DATASET RECORDS:
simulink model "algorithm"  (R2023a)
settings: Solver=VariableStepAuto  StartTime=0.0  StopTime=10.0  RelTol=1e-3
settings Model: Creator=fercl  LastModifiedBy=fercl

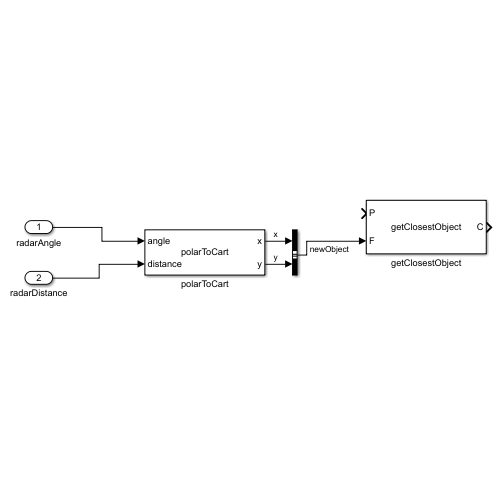
[thumbnail: Simulink's stored preview of the top-level diagram]
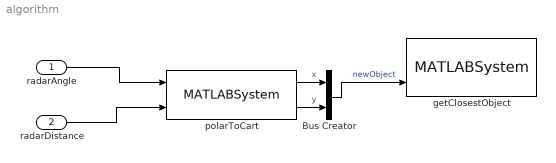
== system algorithm ==
  radarAngle : Inport
  radarDistance : Inport  Port=2
  Bus Creator : BusCreator  Inputs=2
  getClosestObject : MATLABSystem  System=getClosestObject  SimulateUsing=Code generation
      mask Type: getClosestObject
      mask Display:
      | disp('getClosestObject');
      | port_label('input',1,'P');
      | port_label('input',2,'F');
      | port_label('output',1,'C');
  polarToCart : MATLABSystem  System=polarToCart  SimulateUsing=Code generation
      mask Type: polarToCart
      mask Display:
      | disp('polarToCart');
      | port_label('input',1,'angle');
      | port_label('input',2,'distance');
      | port_label('output',1,'x');
      | port_label('output',2,'y');
  wires:
  radarAngle/1 -> polarToCart/1
  radarDistance/1 -> polarToCart/2
  polarToCart/2 -> Bus Creator/2  "y"
  polarToCart/1 -> Bus Creator/1  "x"
  Bus Creator/1 -> getClosestObject/2  "newObject"
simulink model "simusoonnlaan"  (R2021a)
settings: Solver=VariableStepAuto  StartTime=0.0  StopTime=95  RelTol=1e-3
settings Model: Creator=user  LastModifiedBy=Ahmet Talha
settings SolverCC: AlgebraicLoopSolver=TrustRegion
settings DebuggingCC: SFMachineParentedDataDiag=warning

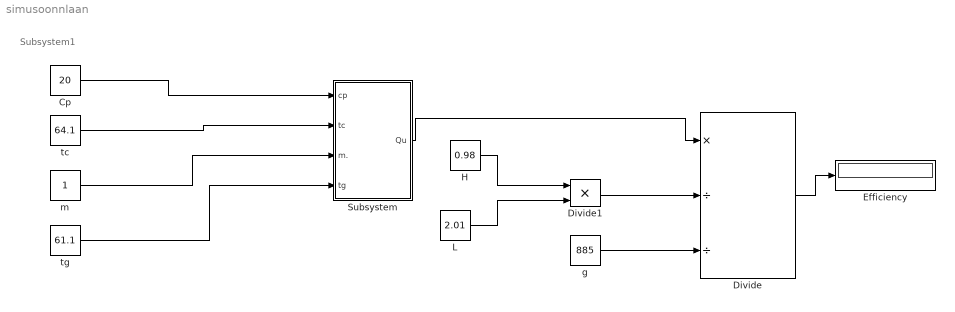
== system simusoonnlaan ==
  note: Subsystem1
  Cp : Constant  Value=20
  Divide : Product  Inputs=*//
  Divide1 : Product  Inputs=**
  Efficiency : Display
  H : Constant  Value=0.98
  L : Constant  Value=2.01
  Subsystem : Subsystem
      mask Display: image('C:\Users\Ahmet Talha\Desktop\matlab projem\solar-photovoltaic-panel-500x500.jpg'); % Use "Edit Image" on toolstrip to change.
  g : Constant  Value=885
  m : Constant
  tc : Constant  Value=64.1
  tg : Constant  Value=61.1
  wires:
  Divide1/1 -> Divide/2
  L/1 -> Divide1/2
  H/1 -> Divide1/1
  tc/1 -> Subsystem/2(tc)
  Cp/1 -> Subsystem/1(cp)
  g/1 -> Divide/3
  tg/1 -> Subsystem/4(tg)
  Subsystem/1(Qu) -> Divide/1
  m/1 -> Subsystem/3(m.)
  Divide/1 -> Efficiency/1

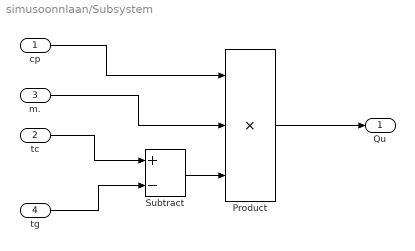
== system simusoonnlaan/Subsystem ==
  cp : Inport
  tc : Inport  Port=2
  m. : Inport  Port=3
  tg : Inport  Port=4
  Product : Product  Inputs=3
  Subtract : Sum  Inputs=+-
  Qu : Outport
  wires:
  cp/1 -> Product/1
  tc/1 -> Subtract/1
  Product/1 -> Qu/1
  Subtract/1 -> Product/3
  tg/1 -> Subtract/2
  m./1 -> Product/2

ABOUT THIS TASK: The entries above are to be returned exactly, without their pictures.

WRITTEN ANSWER:
simulink model "algorithm"  (R2023a)
settings: Solver=VariableStepAuto  StartTime=0.0  StopTime=10.0  RelTol=1e-3
settings Model: Creator=fercl  LastModifiedBy=fercl

[thumbnail: Simulink's stored preview of the top-level diagram]
== system algorithm ==
  radarAngle : Inport
  radarDistance : Inport  Port=2
  Bus Creator : BusCreator  Inputs=2
  getClosestObject : MATLABSystem  System=getClosestObject  SimulateUsing=Code generation
      mask Type: getClosestObject
      mask Display:
      | disp('getClosestObject');
      | port_label('input',1,'P');
      | port_label('input',2,'F');
      | port_label('output',1,'C');
  polarToCart : MATLABSystem  System=polarToCart  SimulateUsing=Code generation
      mask Type: polarToCart
      mask Display:
      | disp('polarToCart');
      | port_label('input',1,'angle');
      | port_label('input',2,'distance');
      | port_label('output',1,'x');
      | port_label('output',2,'y');
  wires:
  radarAngle/1 -> polarToCart/1
  radarDistance/1 -> polarToCart/2
  polarToCart/2 -> Bus Creator/2  "y"
  polarToCart/1 -> Bus Creator/1  "x"
  Bus Creator/1 -> getClosestObject/2  "newObject"
simulink model "simusoonnlaan"  (R2021a)
settings: Solver=VariableStepAuto  StartTime=0.0  StopTime=95  RelTol=1e-3
settings Model: Creator=user  LastModifiedBy=Ahmet Talha
settings SolverCC: AlgebraicLoopSolver=TrustRegion
settings DebuggingCC: SFMachineParentedDataDiag=warning

== system simusoonnlaan ==
  note: Subsystem1
  Cp : Constant  Value=20
  Divide : Product  Inputs=*//
  Divide1 : Product  Inputs=**
  Efficiency : Display
  H : Constant  Value=0.98
  L : Constant  Value=2.01
  Subsystem : Subsystem
      mask Display: image('C:\Users\Ahmet Talha\Desktop\matlab projem\solar-photovoltaic-panel-500x500.jpg'); % Use "Edit Image" on toolstrip to change.
  g : Constant  Value=885
  m : Constant
  tc : Constant  Value=64.1
  tg : Constant  Value=61.1
  wires:
  Divide1/1 -> Divide/2
  L/1 -> Divide1/2
  H/1 -> Divide1/1
  tc/1 -> Subsystem/2(tc)
  Cp/1 -> Subsystem/1(cp)
  g/1 -> Divide/3
  tg/1 -> Subsystem/4(tg)
  Subsystem/1(Qu) -> Divide/1
  m/1 -> Subsystem/3(m.)
  Divide/1 -> Efficiency/1

== system simusoonnlaan/Subsystem ==
  cp : Inport
  tc : Inport  Port=2
  m. : Inport  Port=3
  tg : Inport  Port=4
  Product : Product  Inputs=3
  Subtract : Sum  Inputs=+-
  Qu : Outport
  wires:
  cp/1 -> Product/1
  tc/1 -> Subtract/1
  Product/1 -> Qu/1
  Subtract/1 -> Product/3
  tg/1 -> Subtract/2
  m./1 -> Product/2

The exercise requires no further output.